El Pensamiento de Buenaventura Luna

Eusebio de Jesús Dojorti, popularmente conocido como Buenaventura Luna, fue un destacado folklorista sanjuanino nacido en 1906 en Huaco y fallecido en 1955 en la ciudad de Buenos Aires. Pese a que éste es su perfil más conocido, su trayectoria pública tuvo muchas otras facetas: fue militante político, periodista, escritor costumbrista; creador, director y productor artístico de grupos de música nativa; libretista y animador de sus propios programas radiales; poeta, músico, letrista y recitador. En cada una de estas áreas puede rastrearse una rabiosa piedad política por el semejante, por el hombre y la mujer humildes del país argentino, por la Justicia Social. Este blog intentará dar cuenta de la originalidad y la riqueza que Dojorti/Luna desarrolló en su infatigable laborar en el ámbito de la Cultura Popular: una reflexión que puede enmarcarse dentro del Pensamiento Nacional pero también, y a la vez, un pensamiento propio. Un Pensamiento Dojortiano.
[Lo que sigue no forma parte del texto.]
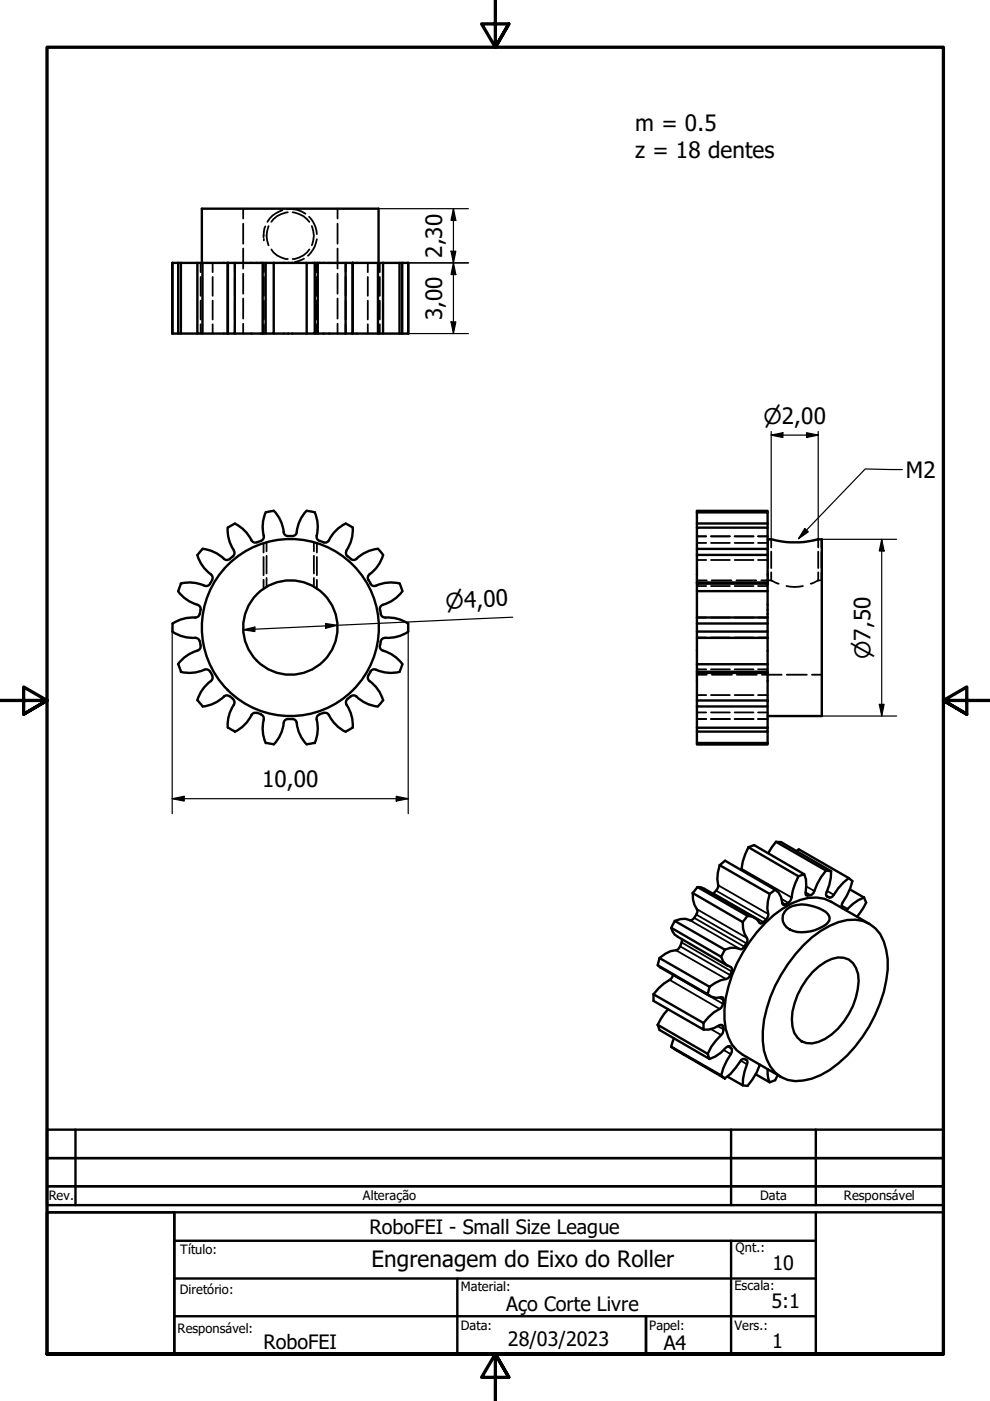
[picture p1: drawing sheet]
<svg xmlns="http://www.w3.org/2000/svg" width="210mm" height="297mm" viewBox="0 0 210 297" stroke-linecap="round" stroke-linejoin="round" font-family="sans-serif">
<!-- layer: Oculto (ISO) -->
<g fill="none" stroke="#000" stroke-width=".38">
<path d="M42.5 55.7v2M42.5 58.7v4M45.1 55.7v2M45.1 58.7v4M49.8 55.7v2M49.8 58.7v4M51.6 44.2v2.1M51.6 47.4v4.3M51.6 52.7v4.2M51.6 58v4.3M55.9 50.7v.3M55.9 55.7v2"/>
<path d="M55.9 58.7v4M56.3 48l-.2 .4-.2 1.9M57 47.9a4.9 4.9 0 0 0 0 4.1M57.5 52.9a4.3 4.3 0 0 0 3.5 2M59.9 44.6a5.3 5.3 0 0 0-3.2 2.4M60.8 44.4a5.3 5.3 0 0 1 4 .9M61 45a5.2 5.2 0 0 0-3.5 2M62 45a5.4 5.4 0 0 1 3.6 2M64.5 54.8l-2 .7M65.5 46a5.8 5.8 0 0 1 1.7 3.6M65.6 52.9a4.6 4.6 0 0 1-3.6 2M66.1 47.9a4.9 4.9 0 0 1 0 4.1"/>
<path d="M67.1 55.7v2M67.1 58.7v4M67.2 50.7a5.8 5.8 0 0 1-1.9 3.5M71.6 44.2v2.1M71.6 47.4v4.3M71.6 52.7v4.2M71.6 58v4.3M73.3 55.7v2M73.3 58.7v4M78 55.7v2M78 58.7v4M80.5 55.7v2"/>
<path d="M80.5 58.7v4M42.5 63.7v4M42.5 68.8v1.9M45.1 63.7v4M45.1 68.8v1.9M49.8 63.7v4M49.8 68.8v1.9M51.6 63.3v4.2M51.6 68.6v2.1M55.9 63.7v4M55.9 68.8v1.9M67.1 63.7v4"/>
<path d="M67.1 68.8v1.9M71.6 63.3v4.2M71.6 68.6v2.1M73.3 63.7v4M73.3 68.8v1.9M78 63.7v4M78 68.8v1.9M80.5 63.7v4M80.5 68.8v1.9M55.9 115.2v1.9M55.9 118.1v3.9M56.5 115v1.9"/>
<path d="M56.5 117.8v3.8M66.5 115v1.9M66.5 117.8v3.8M67.2 115.2v1.9M67.2 118.1v3.9M147.8 113.7h1.9M147.8 118.7h1.9M147.8 115.1h1.9M150.7 113.7h4M150.7 118.7h4M150.7 115.1h4M155.8 113.7h4"/>
<path d="M155.8 118.7h4M155.8 115.1h4M160.7 113.7h2.1M160.7 118.7h2.1M160.7 115.1h2.1M162.8 114.3v1.8M162.8 117v3.4M163.5 114.3v1.8M163.5 117v3.4M173.5 114.3v1.8M173.5 117v3.4M174.2 114.3v1.8"/>
<path d="M174.2 117v3.4M55.9 122.9v1.9M56.5 122.5v1.9M66.5 122.5v1.9M67.2 122.9v1.9M147.8 123h2.1M147.8 124.3h1.9M147.8 130.9h1.9M147.8 135.2h1.9M150.7 124.3h4M150.7 130.9h4M150.7 135.2h4"/>
<path d="M150.9 123h4.2M155.8 124.3h4M155.8 130.9h4M155.8 135.2h4M156.1 123h4.2M160.7 124.3h2.1M160.7 130.9h2.1M160.7 135.2h2.1M161.4 123h2.1M162.8 121.3v1.7M163.5 123l1.6 .7M163.5 121.3v1.7"/>
<path d="M166.8 124.3a8.1 8.1 0 0 0 3.4 0M173.5 123l-1.6 .7M173.5 121.3v1.7M173.5 123h.2M174 123h.2M174.2 121.3v1.7M147.8 143.1h2.1M147.8 152.4h1.9M147.8 147.4h1.9M147.8 151.1h1.9M147.8 141.9h1.9M150.7 152.4h4"/>
<path d="M150.7 147.4h4M150.7 151.1h4M150.7 141.9h4M150.9 143.1h4.3M155.8 152.4h4M155.8 147.4h4M155.8 151.1h4M155.8 141.9h4M156.2 143.1h4.3M160.7 152.4h2.1M160.7 147.4h2.1M160.7 151.1h2.1"/>
<path d="M160.7 141.9h2.1M161.5 143.1h4.2M166.8 143.1h4.3M172.1 143.1h2.1"/>
</g>
<g fill="none" stroke="#000" stroke-width=".51">
<path d="M36.6 55.7h1.2M37.8 55.7h.6v15M37.8 55.7v15M38.4 55.7h3.4M41.8 55.7h1.1v15h-1.1zM42.8 55.7v-11.5h37.5v11.5M42.9 55.7h5.4M48.3 55.7v15M48.3 55.7h1.5v15h-1.5M49.8 55.7h6.5M55.7 55.7v15M56.3 55.7h1.7v15h-1.7z"/>
<path d="M58 55.7h7M65 55.7h1.7v15h-1.7zM66.7 55.7h6.6M67.4 55.7v15M73.3 55.7h1.4v15h-1.4zM74.7 55.7h5.4M74.8 55.7v15M80.1 55.7h1.1v15h-1.1zM81.2 55.7h3.5v15M84.7 55.7h1.9M85.3 55.7v15M86.6 55.7v15"/>
<path d="M36.6 70.7l-.1-15v15h5.3M42.9 70.7h5.4M49.8 70.7h6.5M58 70.7h7M66.7 70.7h6.6M74.7 70.7h5.4M81.2 70.7h4.1M85.3 70.7h1.3M41.8 117.7l.6 1.3 .7 1.3 1.6 1.5M41.9 117.6l1.1-1.3 1.4 .4 1.3 .5 1.8 1.3M47.5 118.5a.92 .92 0 0 0 1.2 0M48.3 111.8v1.5l.3 1.4 1 2"/>
<path d="M49.4 117.9l-.6 .6M49.6 116.7a.92 .92 0 0 1-.2 1.3M49.8 111a8.4 8.4 0 0 1 3.7 3.8l.6 .2h.4M49.8 111l-1.5 .8M55.3 114.7l-.8 .3M56.3 108.6a8.4 8.4 0 0 0-.4 5.3l-.3 .6-.3 .2M56.4 108.6l1.6-.3 1.3 1.7 .6 1.4 .3 1.4M60.1 112.8a.92 .92 0 0 0 1 .9M61.1 113.7h.9M62.9 112.8l.5-2.1a6.4 6.4 0 0 1 1.7-2.4l1.6 .3a8.4 8.4 0 0 1 .4 5.3l.3 .6 .3 .2M62.9 112.8a.92 .92 0 0 1-.9 .9M73.3 111a8.4 8.4 0 0 0-3.7 3.8 1.69 1.69 0 0 1-1.8-.1"/>
<path d="M73.3 111l1.5 .8-.2 2.2-.4 1.4-.7 1.3M73.5 116.7a1.08 1.08 0 0 0 .6 1.6l.3 .2M80.1 116.4a8.3 8.3 0 0 0-4.8 2.3h-.6l-.3-.2M80.1 116.3l1.1 1.4M81.2 117.7a8.4 8.4 0 0 1-3.1 4.3 1.64 1.64 0 0 0 .5 1.7M147.8 116.4v-4.5h15v4.5M147.8 116.4h15v1.3h-15zM147.8 108.6h15v2.4M147.8 117.7v6M147.8 111h15M162.8 114.3h.7a19.9 19.9 0 0 0 10 0h.7v37.5h-11.4M162.8 108.6v-.3h-15v3.6"/>
<path d="M162.8 111v.9M162.8 117.7v6M36.6 133.9l1.3 .7 1.3 .5 2.2 .1M36.6 132.2v1.7M37.7 125.3a8.5 8.5 0 0 0 4.5 3.1l.3 .5v.4M38.3 123.7l2.2-.2 1.4 .2 1.4 .5M38.4 123.7l-.6 1.6M41.4 135.2a.92 .92 0 0 1 .9 .8M41.4 130.9l-1.4 .1-1.5 .3-1.9 .9M41.9 138l-1.4 .5-1.2 .8-1.6 1.5M42.3 130.1a.92 .92 0 0 1-.9 .8M42.4 136l.1 .8"/>
<path d="M42.5 136.9a.92 .92 0 0 1-.6 1M42.5 129.3l-.1 .8M44.5 123.8a.92 .92 0 0 1-1.2 .4M44.7 121.8a.92 .92 0 0 1 .3 1.2M45 123l-.4 .7M78.5 123.8a.92 .92 0 0 0 1.2 .4M79.8 124.2l2-.6 1.5-.1 1.4 .2 .6 1.6M80.5 136.9a.92 .92 0 0 0 .7 1M80.6 129.3l.1 .5a.97 .97 0 0 0 1 1.1M81.2 138l2 .8 1.1 .9 1 1.1M81.7 135.2a1.11 1.11 0 0 0-1.1 1.4v.2M81.7 130.9l2.2 .2 1.4 .4 1.3 .7"/>
<path d="M85.3 125.4a8.5 8.5 0 0 1-4.4 3l-.4 .5v.4M86.5 132.2v1.7M86.6 133.9l-2 1-1.4 .3h-1.5M147.8 130.9v1.3h15M147.8 132.2v8.6h15M147.8 123.7h15v1.6h-15zM147.8 125.3v5.6M147.8 130.9h15M147.8 123.5h15M147.8 135.2h15M162.8 132.2v1.7h-15M162.8 135.2v5.6"/>
<path d="M162.8 125.3v6.9M162.8 133.9v1.3M37.8 140.8l.6 1.6M41.9 148.4l1.1 1.4M43.3 142l-2.1 .6-1.4 .1-1.5-.3M43.3 142a1.18 1.18 0 0 1 1.5 .9l.2 .2M44.7 144.4l-1.1 1-.9 1.1-.9 2M45 143.2a.92 .92 0 0 1-.3 1.2M47.5 147.7l-1.8 1.3-1.3 .5-1.4 .3M48.3 154.3l1.5 .8M48.7 147.7a.92 .92 0 0 0-1.2 0M48.8 147.6a1.44 1.44 0 0 1 .4 2.5l-.8 2-.1 2.2"/>
<path d="M53.3 151.6l-1.2 1.8-1.1 1-1.2 .8M54.5 151.2a.92 .92 0 0 0-1.2 .4M54.5 151.1l.8 .3M55.3 151.5a.92 .92 0 0 1 .6 1.1M55.9 152.6l-.2 1.4 .1 1.5 .5 2.1M61.1 152.4a.89 .89 0 0 0-.9 .9l-.6 2.1-1.1 1.9-.4 .5-1.7-.3M61.1 152.4h.9M62 152.4a.89 .89 0 0 1 .9 .9l.5 2.1a6.4 6.4 0 0 0 1.7 2.4l1.6-.3M67.1 152.6l.3 2.1-.2 1.5-.5 1.4M67.7 151.5a.92 .92 0 0 0-.6 1.1M68.6 151.2a.92 .92 0 0 1 1.2 .4M68.6 151.1l-.8 .3"/>
<path d="M69.7 151.6l.8 1.2 1 1.1 1.8 1.3M73.5 149.4l.9 2 .3 1.4 .1 1.5-1.5 .8M74.4 147.7a.92 .92 0 0 1 1.2 0l1.1 .9 1.3 .7 2.1 .5M74.4 147.6l-.5 .4a1.03 1.03 0 0 0-.4 1.4M78.1 143.2a.92 .92 0 0 0 .3 1.2l1 1 .9 1.1 .9 2M79.7 142a1.09 1.09 0 0 0-1.4 .9l-.2 .2M79.8 142l1.3 .5 1.5 .2 2.1-.3M81.2 148.5l-1.1 1.3M85.3 140.8l-.6 1.6M147.8 148.5h15v1.3h-15zM147.8 157.5h15v.3h-15zM147.8 149.8v4.5h15"/>
<path d="M147.8 154.3v.8h15v-.8M147.8 140.8v7.7M147.8 155.1v2.4M147.8 142.7h15M162.8 140.8v1.6h-15M162.8 142.4v6.1M162.8 149.8v4.5M162.8 155.1v2.4M158.7 179.6a12.7 12.7 0 0 0-1.5 4.9M158.7 179.6l1.2-.4 10.6 6.1M158.7 179.6l10.6 6.2M164.5 178.5l-1.6 2.4"/>
<path d="M164.5 178.5l10.6 6.1M164.5 178.5h1.1l10.6 6.2M142.3 196.7l.8 1.5 .6 .4 10.6 6.2M143.1 195.2l10.6 6.1-.8 1.6-10.6-6.2zM144.6 199.1a2.45 2.45 0 0 1-1.3 2.4l-1.1 .2-1.2 .5-1.2 .9M146.9 189.3a5.9 5.9 0 0 0 1 3.8 2.21 2.21 0 0 1-1.6 2l-.9-.3-1.1 .1-1.2 .3M146.9 189.3l10.6 6.2M147.9 188.1h.8l.7 .4 10.6 6M147.9 188.1l10.6 6.1M147.9 188.1l-1 1.2M152.6 183.4a8.3 8.3 0 0 0-.3 4.7l-.5 .7-.6 .7M152.6 183.4l1.1-.9 10.6 6.1"/>
<path d="M152.6 183.4l10.6 6.1M157.5 195.5a5.9 5.9 0 0 0 1 3.7 3.1 3.1 0 0 1-1.3 2.1 4.3 4.3 0 0 0-3.5 0M158.5 194.2l-1 1.3M163.2 189.5a8.3 8.3 0 0 0-.3 4.7l-.2 .4a2.7 2.7 0 0 1-1.5 1.2 3.3 3.3 0 0 0-2.7-1.6M164.3 188.6l-1.1 .9M166.8 192.8a6.3 6.3 0 0 1 6-.5 5.2 5.2 0 0 1 3 2 1.49 1.49 0 0 1-.7 1.8 8.3 8.3 0 0 1-7 1.2 2.63 2.63 0 0 1-2.1-1.8 2.63 2.63 0 0 1 .8-2.7zM168.8 180.5l.6-.4 10.6 6.1 .7 .6a15.7 15.7 0 0 1-2.2 4.9l-.1 .4 .2 .5M169.3 185.8a14.6 14.6 0 0 0-1.6 4.9 2.2 2.2 0 0 1-1.5 1.2l-.3-.1a3.9 3.9 0 0 0-1.6-3.2M170.5 185.3l-1.2 .5M175.1 184.6a14.8 14.8 0 0 0-2.6 4.7 1.56 1.56 0 0 1-1.6 .6l-.1-.3a8.6 8.6 0 0 0-.3-4.3M175.1 184.6l1.1 .1M176.2 184.7a11.9 11.9 0 0 1-1.1 4.9l.3 .5 .5 .2 .6-.2a14.7 14.7 0 0 1 3.5-3.9"/>
<path d="M180.2 188.6l3 1.7M183.2 190.3l.4 1.1-1.9 3M183.2 190.3a11.7 11.7 0 0 0-3.9 2.7M184.3 195.9l-8.1-4.7a7.9 7.9 0 0 0-6.5-.4 22.5 22.5 0 0 0-10.8 9 27.9 27.9 0 0 0-5.3 16.3 9.2 9.2 0 0 0 3.9 7.5l8.1 4.7M138.6 210.8v1.4l10.6 6.1v-1.4M138.6 210.8l10.6 6.1M139.4 217.3l.4 1.1 10.6 6.1-.3-1.1M139.4 217.3l10.7 6.1M139.4 204.6l.6 .5 10.6 6.1M139.8 203.1l10.6 6.1-.3 1.6-10.7-6.2zM141.7 214l-.9 1-1.4 2.3M142.7 206.7a2.53 2.53 0 0 1-1.9 1.8l-1.2 1-1 1.3"/>
<path d="M149.2 218.3a6.8 6.8 0 0 0 3.7-1h.3a1.69 1.69 0 0 1-.3 2.1l-2.1 2.5-.7 1.5M150.1 210.8a3.4 3.4 0 0 0 3.1 .6 2.41 2.41 0 0 1-1.8 3.2l-1.2 1-1 1.3M152.9 202.9a3.7 3.7 0 0 0 2.2 2.3 2.28 2.28 0 0 1-2.3 2.6l-1.2 .6-1.2 .8M170.4 200.4a17.9 17.9 0 0 1 9.2-5.3 7.1 7.1 0 0 1 8.3 6.3 19.3 19.3 0 0 1-1.3 11.4 28.2 28.2 0 0 1-12.6 15.2 10.6 10.6 0 0 1-7 1 6.9 6.9 0 0 1-4.4-4.4 16.5 16.5 0 0 1 0-10.7 31.9 31.9 0 0 1 7.8-13.5zM172.3 206.1a9.7 9.7 0 0 1 5.4-3.1 3.6 3.6 0 0 1 3.8 2.2 8.7 8.7 0 0 1 0 6.2 14.7 14.7 0 0 1-8 9.5 3.8 3.8 0 0 1-5.5-3.2 14.7 14.7 0 0 1 4.3-11.6zM142.3 221.9l10.6 6.1 .8 .6zM142.9 220.1l-.6 1.8M150.4 224.5a10.1 10.1 0 0 0 3.9-2.6l.3-.1a1.12 1.12 0 0 1 .3 1.7l-1.5 3-.5 1.5M153.7 228.6a14.2 14.2 0 0 0 3.5-3.9 .87 .87 0 0 1 1.2 .2l.1 .3a13.8 13.8 0 0 0-1 4.9M154.2 228.3l3.3 1.8M160.2 227.8l3 1.7 1.1-.5 .6-1M161.1 225.7a12.4 12.4 0 0 1-2.6 4.5l-1-.1"/>
<path d="M162.8 226.7l.1 1.9 .3 .9"/>
<circle cx="61.6" cy="133" r="10"/>
<circle cx="61.6" cy="133" r="18.8"/>
</g>
<g fill="none" stroke="#000" stroke-width=".38">
<path d="M144.5 199.8l10.6 6.2M146.3 195.1l10.6 6.1M147.2 194.6l10.6 6.1M147.6 193.9l10.6 6.1M147.8 192.8l10.6 6.1M151.3 189.4l10.6 6.1M151.8 188.8l10.6 6.1M152.3 187.7l10.6 6.1M157.2 184.2l10.6 6.1M165.7 190.5l1.4 .9M165.9 191.4l.6 .4M170.8 189.7l.5 .2"/>
<path d="M170.8 189.2l1 .6M170.9 187.9l1.8 1M175.2 189.9l.7 .4M175.3 190l.1 .1M175.4 188.9l1.4 .8M178.4 191.9l1.3 .8M142 207.8l10.6 6.1M142.7 206.7l10.6 6.1M143.3 201.5l10.6 6.1M144.2 200.6l10.6 6.1M150.8 218.2l2.1 1.2M152.2 217.6l1.2 .6"/>
<path d="M152.5 211.5l.9 .6M152.7 217.3l.6 .3M153.4 222.6l1.5 .9M154.2 221.9l.9 .5M154.6 221.8l.2 .1M157 224.8l1.4 .9"/>
</g>
<circle cx="142.7" cy="206.7" r=".25" fill="#000"/>
<!-- layer: Borda (ISO) -->
<path d="M105 0v10l-2.9-4.9h5.8l-2.9 4.9 2.9-4.9M0 148.5h10l-5-2.8v5.7l5-2.9-5 2.9M210 148.5h-10l5-2.8v5.7l-5-2.9 5 2.9M10 287.1v-277.1h190v277.1h-190h190M107.9 292l-2.9-4.9 2.9 4.9h-5.8l2.9-4.9v9.9" fill="none" stroke="#000" stroke-width=".7"/>
<path d="M10 239.5h190v6h-190zM16 239.5v16M155 239.5v16M173 239.5v16M10 257h27v30.1h-27zM10 245.5h190v6h-190zM10 251.5h190v4h-190zM37 263.1h136M137 287.1v-8v8" fill="none" stroke="#000" stroke-width=".51"/>
<path d="M10 257h190v30.1h-190zM37 257v30.1M173 257v30.1M37 279.1h136M37 271.1h136M97 271.1v16M155 263.1v24" fill="none" stroke="#000" stroke-width=".51"/>
<g fill="none" stroke="#000" stroke-width=".25">
<path d="M80.1 55.7h19.2M80.3 44.2h19M95.6 53.3h1l-.5 2.4zM96.1 44.2l.5 2.5h-1zM96.1 55.7l.5 2.5h-1zM96.1 44.2v26.5M80.1 70.7h19.2M95.6 68.2h1l-.5 2.5zM163.5 92.3l2.5-.6v1.1zM163.5 92.3h10M163.5 91.5v22.8M171 91.7l2.5 .6-2.5 .5z"/>
<path d="M173.5 91.5v22.8M174.2 114.3h15.9M186.9 114.3l.6 2.5h-1.1zM186.9 114.3v37.5M36.5 133.1v39.4M51.6 133.5l2.4-.5v.9zM69 132.2l2.5 .4-2.5 .6zM86.6 133.1v39.4M108.7 130.9l-57.1 2.6M174.2 151.8h15.9M186.4 149.3h1.1l-.6 2.5zM36.5 169.3l2.6-.5v1z"/>
<path d="M36.5 169.3h50.1M84 168.8l2.6 .5-2.6 .5z"/>
</g>
<g fill="#000">
<path d="M95.6 53.3h1l-.5 2.4z" fill-rule="evenodd"/>
<path d="M96.1 44.2l.5 2.5h-1z" fill-rule="evenodd"/>
<path d="M96.1 55.7l.5 2.5h-1z" fill-rule="evenodd"/>
<path d="M95.6 68.2h1l-.5 2.5z" fill-rule="evenodd"/>
<path d="M163.5 92.3l2.5-.6v1.1z" fill-rule="evenodd"/>
<path d="M171 91.7l2.5 .6-2.5 .5z" fill-rule="evenodd"/>
<path d="M186.9 114.3l.6 2.5h-1.1z" fill-rule="evenodd"/>
<path d="M51.6 133.5l2.4-.5v.9z" fill-rule="evenodd"/>
<path d="M69 132.2l2.5 .4-2.5 .6z" fill-rule="evenodd"/>
<path d="M186.4 149.3h1.1l-.6 2.5z" fill-rule="evenodd"/>
<path d="M36.5 169.3l2.6-.5v1z" fill-rule="evenodd"/>
<path d="M84 168.8l2.6 .5-2.6 .5z" fill-rule="evenodd"/>
</g>
<path d="M191.3 99.6l-7.8-.2-14.2 14.8M170.6 112.1l.8 .7-2.1 1.4z" fill="none" stroke="#000" stroke-width=".25"/>
<path d="M170.6 112.1l.8 .7-2.1 1.4z" fill-rule="evenodd" fill="#000"/>
<g font-size="4.8">
<text x="134.7" y="27.7">m = 0.5</text>
<text x="134.7" y="33.5">z = 18 dentes</text>
<text x="93.7" y="54.7" transform="rotate(-90 93.7 54.7)">2,30</text>
<text x="93.7" y="67.9" transform="rotate(-90 93.7 67.9)">3,00</text>
<text x="192.1" y="101.3">M2</text>
<text x="55.6" y="166.9">10,00</text>
<text x="78.7" y="268.6">Engrenagem do Eixo do Roller</text>
</g>
<g font-size="4.6">
<text x="161.9" y="89.8">⌀2,00</text>
<text x="94.6" y="129.1" transform="rotate(-3 94.6 129.1)">⌀4,00</text>
<text x="184.5" y="139.7" transform="rotate(-90 184.5 139.7)">⌀7,50</text>
</g>
<g font-size="4.2">
<text x="78.4" y="261.5">RoboFEI - Small Size League</text>
<text x="163.8" y="269.3">10</text>
<text x="107.3" y="277.9">Aço Corte Livre</text>
<text x="163.6" y="277.2">5:1</text>
<text x="55.9" y="286.1">RoboFEI</text>
<text x="107.7" y="285.4">28/03/2023</text>
<text x="140.8" y="286.2">A4</text>
<text x="163.7" y="285.9">1</text>
</g>
<g font-size="2.7">
<text x="10.4" y="254.5">Rev.</text>
<text x="77" y="254.5">Alteração</text>
<text x="161.2" y="254.5">Data</text>
<text x="178.9" y="254.4">Responsável</text>
<text x="38.2" y="265.9">Título:</text>
<text x="156" y="265.4">Qnt.:</text>
<text x="38.1" y="274.4">Diretório:</text>
<text x="97.7" y="273.7">Material:</text>
<text x="155.7" y="273.6">Escala:</text>
<text x="97.7" y="282">Data:</text>
<text x="137.7" y="281.9">Papel:</text>
<text x="155.7" y="282">Vers.:</text>
<text x="37.7" y="282.6">Responsável:</text>
</g>
</svg>

miércoles, 8 de agosto de 2012

Eusebio Dojorti y la Cuestión Nacional (Segunda Parte)


En 1930, la juventud bloquista que encabezaba Dojorti presentó un documento que planteaba la reorganización del partido. Cantoni no vio con buenos ojos al grupo disidente y los expulsó del bloquismo. Mientras tanto, aceitaba sus contactos con el general Justo, primer presidente “electo” de la Década Infame, y accedía por segunda vez a la gobernación a fines de 1931. Los expulsados se organizaron en el grupo La Montaña, así llamado por su intención de reflotar un semanario de la juventud bloquista. Dice Garcés: “Poco antes de la asunción del nuevo gobierno de Federico, el 12 de mayo de 1932, éste había denostado con fuertes epítetos en un mitin realizado en un cine céntrico, a ‘esos muchachos de La Montaña', augurándoles un futuro muy negro por haberse atrevido a desafiar al líder”. Las amenazas no tardaron en concretarse: una patota armada se presentó en la imprenta y secuestró el diario, a su director (Dojorti), a los redactores Juan José Montilla y Carlos Miscovich, y más tarde a Enrique Haagendal. Desde ese momento, pasaron a ser detenidos-desaparecidos.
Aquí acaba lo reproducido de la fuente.